-- Activity --
Once you find the line containing "- silk: dot" in the data below, copy it and each following line exactly, up to and including the line containing "model; datasheet excerpts", and nothing else.

[Stored items from a collection]

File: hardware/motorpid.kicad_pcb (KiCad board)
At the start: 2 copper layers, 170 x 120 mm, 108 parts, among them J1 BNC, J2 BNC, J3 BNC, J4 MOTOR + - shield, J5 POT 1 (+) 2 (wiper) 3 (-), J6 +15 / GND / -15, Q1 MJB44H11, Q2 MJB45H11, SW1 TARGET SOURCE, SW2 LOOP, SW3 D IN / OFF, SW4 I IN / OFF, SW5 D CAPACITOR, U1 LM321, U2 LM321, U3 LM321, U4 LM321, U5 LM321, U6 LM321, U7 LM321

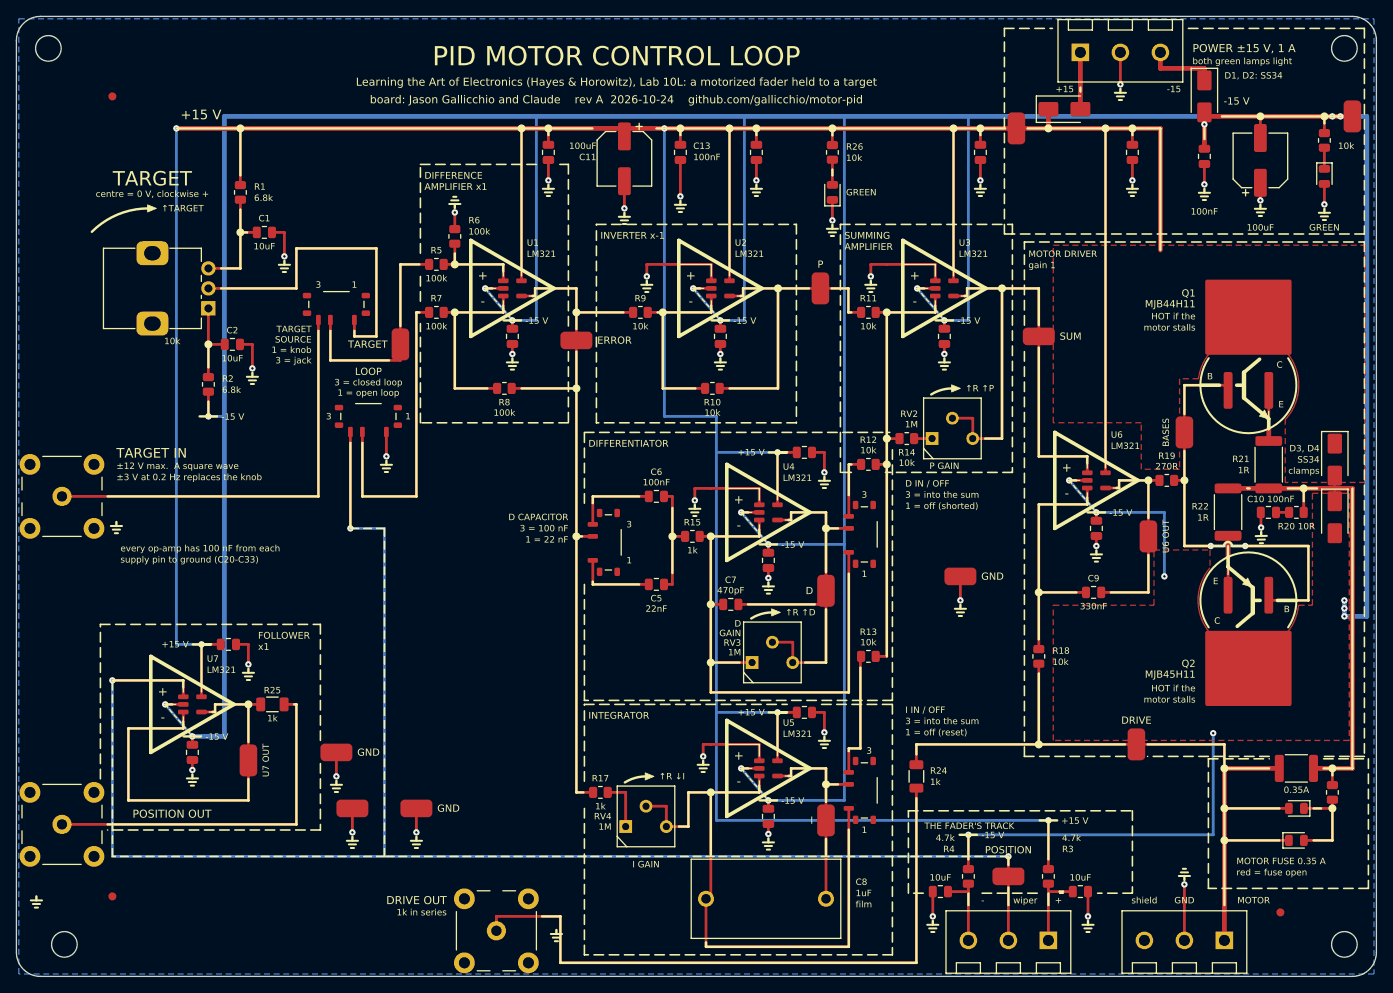
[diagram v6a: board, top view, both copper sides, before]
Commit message: Review round 1 closed: Gemini-4-Argon's and KimiK3's findings applied (RV1's JLCPCB rotation, the fuse's stall story and its 60 V grade, rail clamps D5/D6, the LM321's real swing, step metrics that name the dead band, silk dots and boxes, kienv and the sim's netlist, a deterministic sheet)
- RV1 (C351173): +270 and (3.5, -2.5); JLCPCB's drawing overlaid by the new CPL lands on our pins
- F1: LUTE 1812L035/60GR (C18198330), same hold/trip/R; every document now says a short opens it
  in about a second and a full-drive stall (0.61 A, between hold and trip) may take minutes or never
- D5, D6 (SS34) clamp each rail to ground: one rail left open cannot reverse-bias its electrolytic
- sim: LM321 output 2 V from each rail (D rule 239k, stall 0.61 A, step drive 11.7 V); step metrics
  report peak, swing back and rest separately; the sim stage exports its own netlist
- silk: dot where the dashed POSITION branches and at the track's end capacitors; C3/C4 inside
  their box; the -15 V flag clear of the title; D2PAK emitter copper at full width
- docs: the book's real "not 411", knob direction settled, scope grounds on GND loops only,
  x10 probes, the gains recipe's switches and signs, the rail-sag rest offset with the jack
- build: KiCad 9 on PATH no longer wins; rectangles' UUIDs hashed (byte-identical sheet);
  check messages from the sim; stock from the BOM; dead limiter parts removed
- the two reviews committed (the Fable-labelled one renamed KimiK3, Jason to confirm the
  model; datasheet excerpts kept out of git); the reviews README and the brief updated
- ERC 0, 258 checks, DRC 0, thermal 120/122 C, fab checks, 31/31 claims

Co-Authored-By: Claude Opus 5.5 <noreply@anthropic.com>
Claude-Session: https://claude.ai/code/session_017Q2PYKR2UewvTfQgKmRJsG
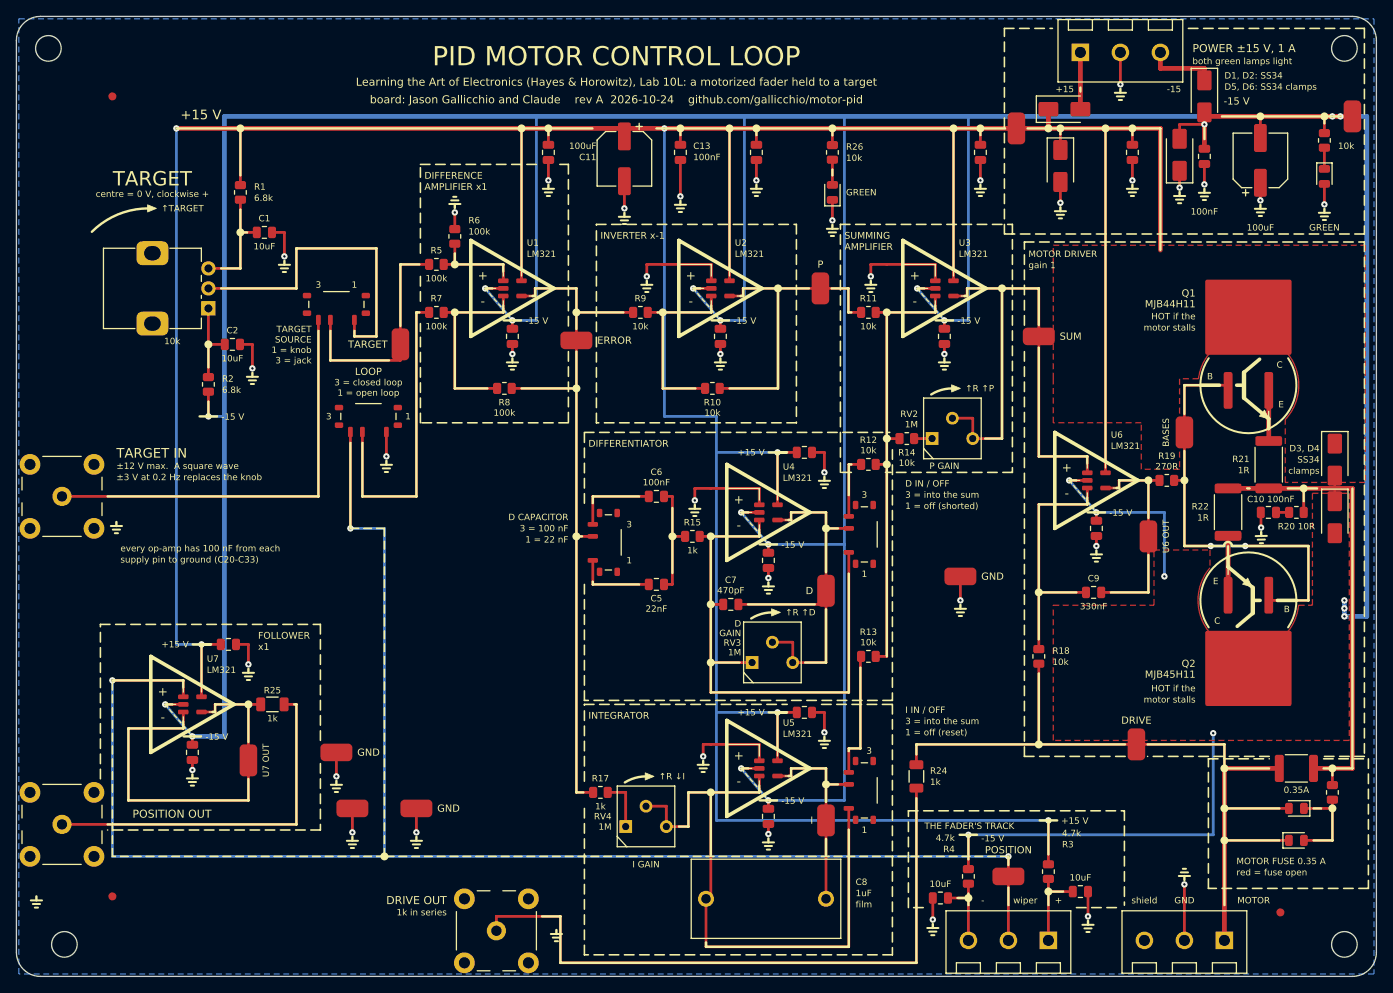
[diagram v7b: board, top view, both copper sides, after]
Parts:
- added D5: SS34, Diode_SMD:D_SMA, F.Cu at (130.5, 18.7)
- added D6: SS34, Diode_SMD:D_SMA, F.Cu at (145.4, 17.3)
- moved C4 0.80 mm to (115.5, 110.2)
- moved R3 0.60 mm to (129.0, 106.9)
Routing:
- net -15V: track 624.5 -> 629.4 mm
- net GND: track 139.7 -> 144.0 mm, vias 37 -> 39
- net +15V: track 511.1 -> 513.2 mm
- net /POT+: track 10.1 -> 10.7 mm
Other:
- board text added: "A short to GND opens the fuse in about a second (red lamps); it resets."
- board text added: "A stall may never open it: HOT copper reaches 90 C, so use the standoffs."
- board text added: "D5, D6: SS34 clamps"
- board text added: "Scope ground clips go on the GND loops only, never on a signal or a rail."
- board text removed: "A stall at a few volts does not: HOT copper reaches 90 C, so use the standoffs."
- board text removed: "A stall at full drive or a short to GND opens the fuse (red lamps); it resets."

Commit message: Rev A pre-order checks from the newer lessons; BOARD_DATE 2026-10-29: the screw terminals turned (KF301 wire face 3.6 mm from the pins, JLCPCB's drawing +180), PLACEMENT_CHECKS prints every row (J3, J6, D3-D6), assembly drawings fitted to Letter, check_rotations.py (fit and the upload laid on our pads) and check_pinouts.py, the switches' datum 0.25 mm; chat log Response 14
Co-Authored-By: Claude Opus 5.5 <noreply@anthropic.com>
Claude-Session: https://claude.ai/code/session_017Q2PYKR2UewvTfQgKmRJsG
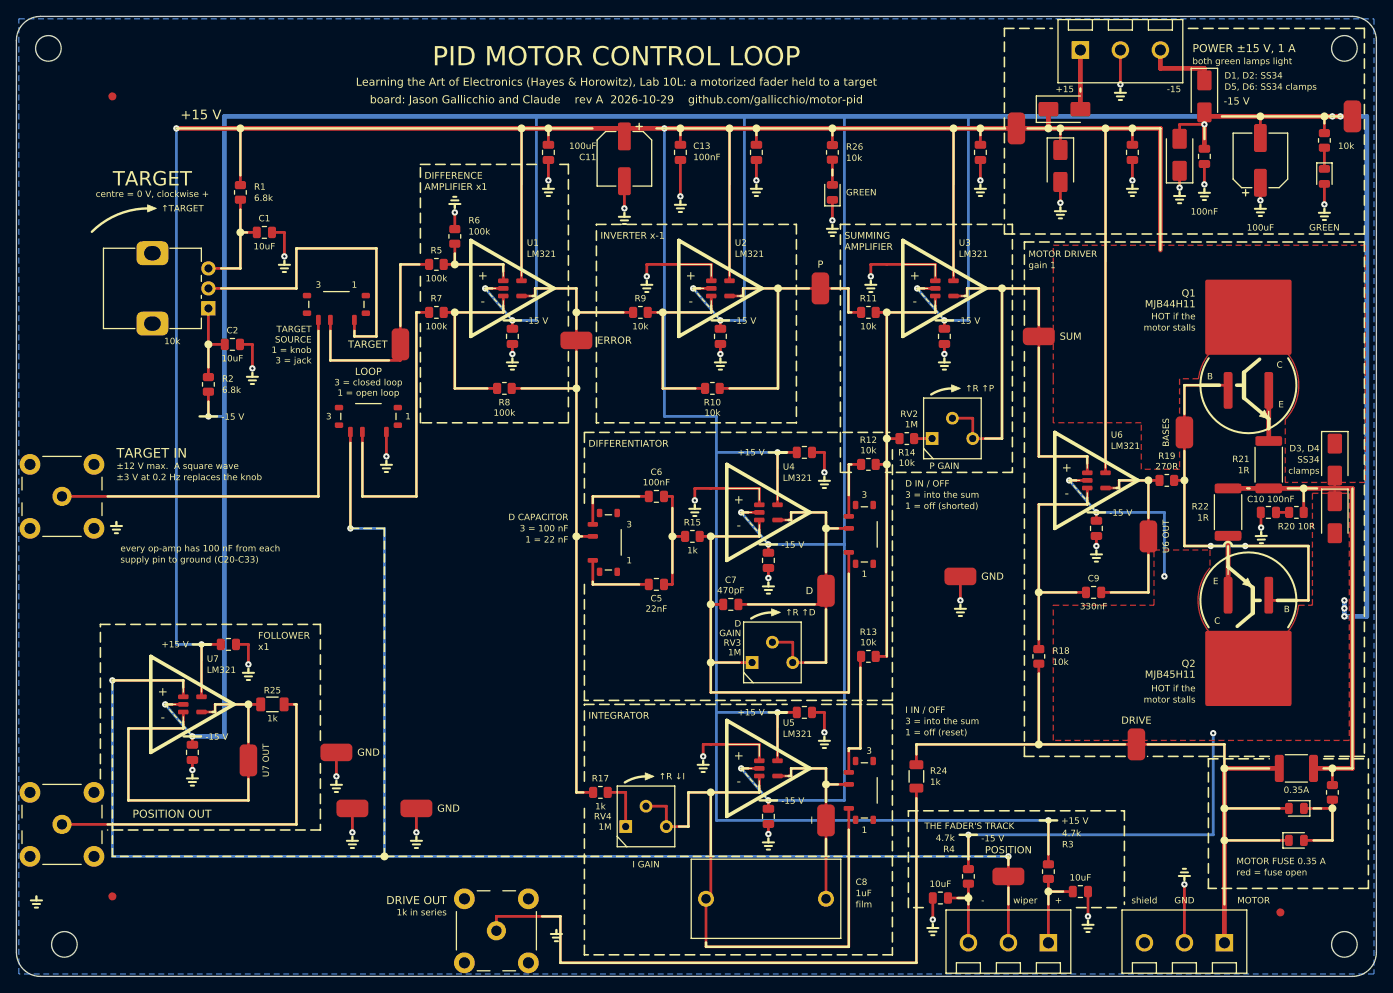
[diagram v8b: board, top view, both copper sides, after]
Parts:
- moved J6 0.30 mm to (138.0, 4.20)
- moved J4 0.30 mm to (146.0, 115.8)
- moved J5 0.30 mm to (124.0, 115.8)
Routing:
- net GND: track 144.0 -> 144.6 mm
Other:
- board text added: "Jason Gallicchio and Claude, rev A, 2026-10-29"
- board text added: "board: Jason Gallicchio and Claude rev A 2026-10-29 github.com/gallicchio/motor-pid"
- board text removed: "Jason Gallicchio and Claude, rev A, 2026-10-24"
- board text removed: "board: Jason Gallicchio and Claude rev A 2026-10-24 github.com/gallicchio/motor-pid"

-- Task answer --
- silk: dot where the dashed POSITION branches and at the track's end capacitors; C3/C4 inside
  their box; the -15 V flag clear of the title; D2PAK emitter copper at full width
- docs: the book's real "not 411", knob direction settled, scope grounds on GND loops only,
  x10 probes, the gains recipe's switches and signs, the rail-sag rest offset with the jack
- build: KiCad 9 on PATH no longer wins; rectangles' UUIDs hashed (byte-identical sheet);
  check messages from the sim; stock from the BOM; dead limiter parts removed
- the two reviews committed (the Fable-labelled one renamed KimiK3, Jason to confirm the
  model; datasheet excerpts kept out of git); the reviews README and the brief updated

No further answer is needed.